# Forum > MMO > Guild Wars 2 > GW2 Guides >  Nomore Pesky Gold Limit

## JediMindTricks

Old post cleaning

----------


## EmuGod

1. Don't ask for rep.
and 
2. How is this anything beneficial? The cost of 50k gold that is the transfer limit when switching servers is about the same price as the transfer itself.

----------


## EmuGod

HAHA, damnit, I think i need to go to sleep ^_^ Didn't even notice that.
Sorry to OP

----------


## ivansouza

> HAHA, damnit, I think i need to go to sleep ^_^ Didn't even notice that.
> Sorry to OP


+rep him nefore going to bed then =)

----------


## bedhu

i don't understand with that, how for no trf limit sent gold to other player.. PM me plz

----------


## Liis

> i don't understand with that, how for no trf limit sent gold to other player.. PM me plz


There's a transfer limit to how much gold you can send to other people by mail.
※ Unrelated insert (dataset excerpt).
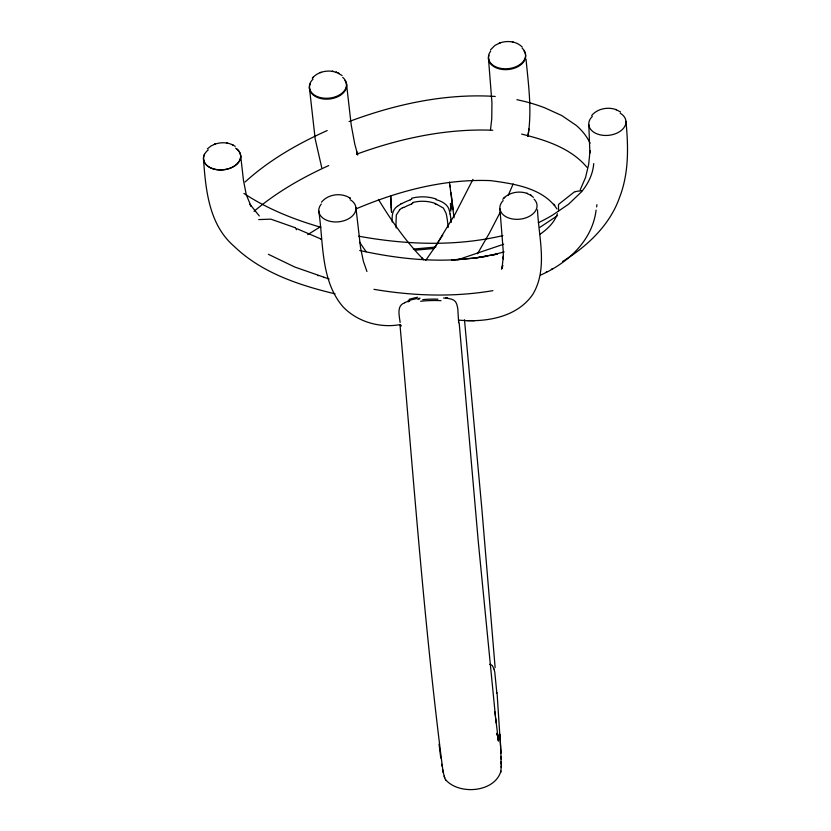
<?xml version="1.0" encoding="UTF-8"?>
<svg xmlns="http://www.w3.org/2000/svg" width="831" height="831" viewBox="0 0 831 831"><rect width="100%" height="100%" fill="white"/><g stroke="black" fill="none" stroke-linecap="round" stroke-linejoin="round"><path stroke-width="1.25" d="M501.176 767.293L500.792 749.053M450.568 209.879L450.662 203.605L450.693 208.508M496.585 692.431L496.523 693.376M445.426 779.52C458.785 795.371 494.881 792.525 500.885 771.126M458.546 321.109L457.819 308.966A139.909 79.298 -15.1 0 0 457.206 305.995L457.071 305.424A58.43 33.126 -14 0 0 456.51 303.575C454.64 298.381 448.106 298.495 443.536 298.007M500.813 772.3L501.249 766.14M528.952 128.95L527.903 136.398C532.214 110.803 528.454 84.793 526.033 59.219M596.658 206.909L596.897 204.696M490.487 129.719L491.755 118.823L491.942 102.712L488.451 58.191M596.087 210.129C592.347 240.845 567.625 263.147 540.659 275.051M501.966 267.914L502.755 265.411L502.007 268.257L503.357 256.384L503.285 258.919L503.295 251.876L499.909 208.747M557.383 213.733C554.506 222.563 547.338 229.138 539.963 234.342M513.184 183.921L508.198 195.399M472.943 179.392L455.243 213.847L435.257 246.682L442.736 235.059M500.594 211.552L489.376 233.158L477.513 253.756M501.467 269.254L502.485 267.374M580.215 189.811L585.564 177.45L588.68 164.33L590.041 150.743L589.906 153.008L588.795 124.65M435.714 245.966L425.732 260.373M321.504 202.162C328.266 193.852 341.77 192.345 350.485 198.37L349.384 197.622M490.477 49.912L494.933 45.404L500.117 42.859L499.223 43.17M502.755 199.315C508.603 192.345 519.126 190.444 527.467 193.54L526.833 193.311L531.331 195.597L530.531 195.036M591.672 115.499C597.52 108.529 608.043 106.617 616.384 109.713L615.75 109.484L620.549 111.956M313.204 77.179L312.311 78.187C317.297 72.235 325.804 70.105 333.262 71.466L332.358 71.3M503.669 198.266L504.656 197.321M207.366 148.853L211.022 145.976L215.198 144.064L214.336 144.376C221.046 141.821 229.19 142.143 235.173 146.37M245.083 181.999C269.119 160.134 297.654 143.805 327.185 130.56M399.607 210.035L396.325 214.938L395.951 224.297A145.383 126.291 -22 0 0 396.086 227.06L396.148 227.974M254.047 211.323C276.401 192.335 302.089 177.657 328.712 165.577M397.447 206.244C392.128 209.692 391.837 216.413 392.232 222.064M557.508 215.624L539.838 227.393M307.678 234.664L320.589 226.666M562.494 261.547C587.247 246.329 610.006 225.118 619.708 197.03C628.974 172.983 628.423 146.568 625.951 121.336M402.62 207.843L403.586 207.272M400.584 204.073L401.664 203.45M546.092 272.246L546.756 271.872M551.358 269.296L552.064 268.901M356.208 208.81C398.506 190.912 444.325 178.79 490.55 180.618C513.787 183.744 542.83 187.899 556.936 208.924M404.801 302.816C396.252 305.413 399.431 316.029 400.116 322.449M349.082 121.555C394.943 104.405 444.076 93.539 493.24 96.323A129.636 86.569 -5.7 0 1 495.255 96.479M503.679 244.221L457.694 259.771M356.447 154.244C399.95 138.382 446.299 128.379 492.783 130.249M499.4 43.108C506.92 40.303 516.446 41.072 522.242 47.076M320.195 72.661L321.244 72.297M411.459 203.751L412.83 203.325M410.234 199.689L411.75 199.222M504.137 251.886C457.112 265.047 406.858 260.903 359.709 250.474M409.112 301.373L408.011 301.684A21.658 10.284 -1.4 0 1 409.683 301.051M502.838 235.62C455.648 246.651 406.193 244.833 358.763 236.212M575.416 191.66L574.678 191.868A2.722 2.026 -4.4 0 0 574.034 192.179L558.785 204.218A2.462 1.828 -4.4 0 0 558.484 204.717L558.546 211.167M463.75 259.199L451.68 259.916L475.529 258.015L497.364 254.057L491.63 255.283M400.449 324.557C380.12 328.39 357.444 321.929 343.047 306.836C320.527 280.701 323.56 243.068 318.782 211.095M418.668 298.443L420.06 298.184M417.816 299.357L419.354 299.087M492.887 290.653C453.57 297.342 413.173 295.981 373.95 289.333M475.529 258.015L486.81 256.312M435.724 247.067L413.371 249.071M581.96 190.756L581.253 190.818A37.509 27.911 -4.4 0 0 575.405 191.608M434.218 248.479L415.323 250.173M258.711 219.592L270.833 219.145L294.808 227.559M458.504 320.08C484.909 322.657 516.882 317.816 532.889 294.247C548.055 268.735 538.665 237.427 537.491 209.776M466.409 320.61L474.553 320.724M445.717 297.571L447.608 297.893M332.514 71.331L336.919 72.484L336.067 72.162M226.52 143.005L227.767 143.223M512.343 41.955L513.423 42.173M516.903 99.658L525.441 101.652A160.362 107.095 -5.7 0 1 544.461 107.698L561.808 115.571L576.319 125.471A91.067 60.819 -5.7 0 1 590.052 143.212M521.65 134.103C545.281 139.92 570.741 147.97 586.925 167.27M335.038 293.842C298.776 285.126 261.516 272.765 234.113 246.298C209.038 224.702 205.714 190.195 203.533 159.407M489.708 664.301L491.256 664.873A4.903 3.646 -4.4 0 1 492.451 665.797L493.988 669.017M320.859 227.289C293.894 219.477 267.426 208.976 243.93 193.436M268.371 254.296L294.725 267.011L329.128 279.019M436.046 199.658C441.853 201.216 448.356 204.53 449.457 211.074A58.43 50.743 11.9 0 1 450.07 214.024M434.945 203.792L436.026 204.135M317.66 275.466L318.418 275.705M323.602 277.357L324.329 277.585M336.306 72.255L342.112 75.528M436.836 204.416L443.39 208.062L446.06 213.245A52.924 45.819 13.5 0 1 446.579 215.613L446.839 216.912A138.538 119.851 14 0 1 447.535 221.472L448.231 227.414M320.6 238.871L321.41 239.183L297.134 228.795M339.131 73.471L338.31 73.076L338.851 73.336M232.057 144.573L233.231 145.155M530.812 195.233L533.398 197.352M259.282 215.956L249.913 204.239L251.045 206.223L246.288 194.766L243.462 180.275L240.637 155.532M423.779 259.812L422.055 258.057L422.782 258.805C405.58 240.948 391.256 220.579 378.448 199.419M366.139 251.783L359.657 242.299M444.627 777.774L442.508 769.298M445.655 779.945L444.118 776.133M366.938 271.498L363.407 261.37L360.55 247.68L355.907 207.501M346.496 83.827L351.212 124.962L354.712 143.753L357.694 155.002M356.592 151.335L357.579 154.628M321.742 167.654L315.188 138.964L309.402 87.691M497.25 734.697L497.748 736.453L497.177 733.586L498.465 740.421L497.499 735.373M400.854 325.762L400.552 324.568M443.152 772.498C423.883 624.008 413.402 474.439 400.023 325.316M296.366 229.803L296.158 228.961A3.334 2.483 -4.4 0 0 294.86 227.507M450.111 214.024L450.277 214.917A139.909 121.118 13.6 0 1 450.994 219.581M441.677 764.26L442.03 766.213M449.426 182.082L454.058 217.764M449.924 185.064L450.257 187.1M498.143 738.603L497.312 732.88L498.465 741.096L495.66 718.296M451.015 219.581L451.368 222.365M439.048 744.275L440.783 758.101M451.046 192.761L453.134 209.692M494.954 711.959L496.18 722.897M495.453 716.436L478.282 541.677L459.169 322.875M464.487 319.81L481.907 509.424L495.131 667.553M497.042 692.524L500.989 753.094M499.961 734.292L500.22 739.039M500.272 739.507L500.709 748.097M450.755 209.194L450.506 203.45L450.797 211.105M501.114 756.449L501.176 759.087M501.197 761.518L501.259 764.208M593.729 163.593A91.067 60.819 -5.7 0 1 581.43 191.899L568.549 204.218L552.646 215.063A159.116 106.264 -5.7 0 1 538.311 222.75M344.958 80.524A18.646 12.455 -5.7 0 1 328.983 99.055A18.646 12.455 -5.7 0 1 310.42 83.609M524.008 51.013A18.646 12.455 -5.7 0 1 508.936 69.451A18.646 12.455 -5.7 0 1 488.971 55.303M342.684 77.335A18.646 12.455 -5.7 0 1 340.585 94.215A18.646 12.455 -5.7 0 1 315.541 95.742A18.646 12.455 -5.7 0 1 313.017 79.142M235.578 148.136A18.646 12.455 -5.7 0 1 235.225 165.577A18.646 12.455 -5.7 0 1 209.267 167.218A18.646 12.455 -5.7 0 1 208.28 149.86M522.159 48.188A18.646 12.455 -5.7 0 1 519.915 64.527A18.646 12.455 -5.7 0 1 495.702 66.792A18.646 12.455 -5.7 0 1 490.706 51.138M534.021 199.118A18.646 12.455 -5.7 0 1 530.552 215.634A18.646 12.455 -5.7 0 1 505.996 216.766A18.646 12.455 -5.7 0 1 503.171 200.551M350.173 199.689A18.646 12.455 -5.7 0 1 351.783 216.527A18.646 12.455 -5.7 0 1 326.78 220.288A18.646 12.455 -5.7 0 1 321.306 204.031M237.095 149.133A18.646 12.455 -5.7 0 1 224.879 169.503A18.646 12.455 -5.7 0 1 204.447 154.286M620.186 113.182A18.646 12.455 -5.7 0 1 621.38 130.374A18.646 12.455 -5.7 0 1 595.754 133.334A18.646 12.455 -5.7 0 1 592.347 116.392M496.585 692.431A84.835 63.135 -4.4 0 0 496.637 690.987L494.798 672.31A69.461 51.688 -4.4 0 0 493.988 669.017M436.005 204.187A40.366 38.558 -1.5 0 1 436.815 204.468M412.623 202.556A37.634 36.668 -8.4 0 1 435.101 203.356M403.773 207.584A44.749 42.859 -2.4 0 1 411.584 204.104M399.472 209.9A21.658 20.027 -11.2 0 1 402.505 207.677M411.501 198.297A42.111 41.062 -9.3 0 1 436.265 199.056M401.789 203.657A49.611 47.492 -2.1 0 1 410.317 199.918M397.53 206.337A26.353 23.673 -13.5 0 1 400.656 204.177M422.74 299.638A37.634 12.361 -3.4 0 1 437.906 299.17M409.101 299.357A44.749 17.399 -5 0 1 417.588 297.238M458.702 321.098A54.171 31.1 -11.8 0 1 458.567 322.719M420.6 301.258A42.111 13.67 -3.2 0 1 441.012 300.677M408.083 300.718A49.611 19.383 -5 0 1 417.11 298.526M404.541 302.65A26.353 13.93 0.4 0 1 407.782 301.476M400.989 326.043A61.214 34.653 4.6 0 1 400.906 325.752M554.692 205.247L553.872 204.208L554.734 205.34M391.287 207.47L390.695 196.23L391.546 212.279L391.287 207.47"/></g></svg>

And what the OP says is that if you send the maximum amount of gold, and then transfers to another server, you can send maximum amount of gold again.

----------


## jus2cool4life

that incorrect i have transfered and did not reset gold sending limit

----------


## psolarxis

> HAHA, damnit, I think i need to go to sleep ^_^ Didn't even notice that.
> Sorry to OP


what did u think it was? WoW? they put gold limit on WoW now? I quit years ago and there wasnt one

On topic, I havent tried this and I can't confirm but ofc if your account is new and it could never send gold, transfering won't help much =)

----------


## bedhu

> There's a transfer limit to how much gold you can send to other people by mail. And what the OP says is that if you send the maximum amount of gold, and then transfers to another server, you can send maximum amount of gold again.


yep, i'm try .. and dangggg !!! incorect tips..

anyone can help this problem ??

----------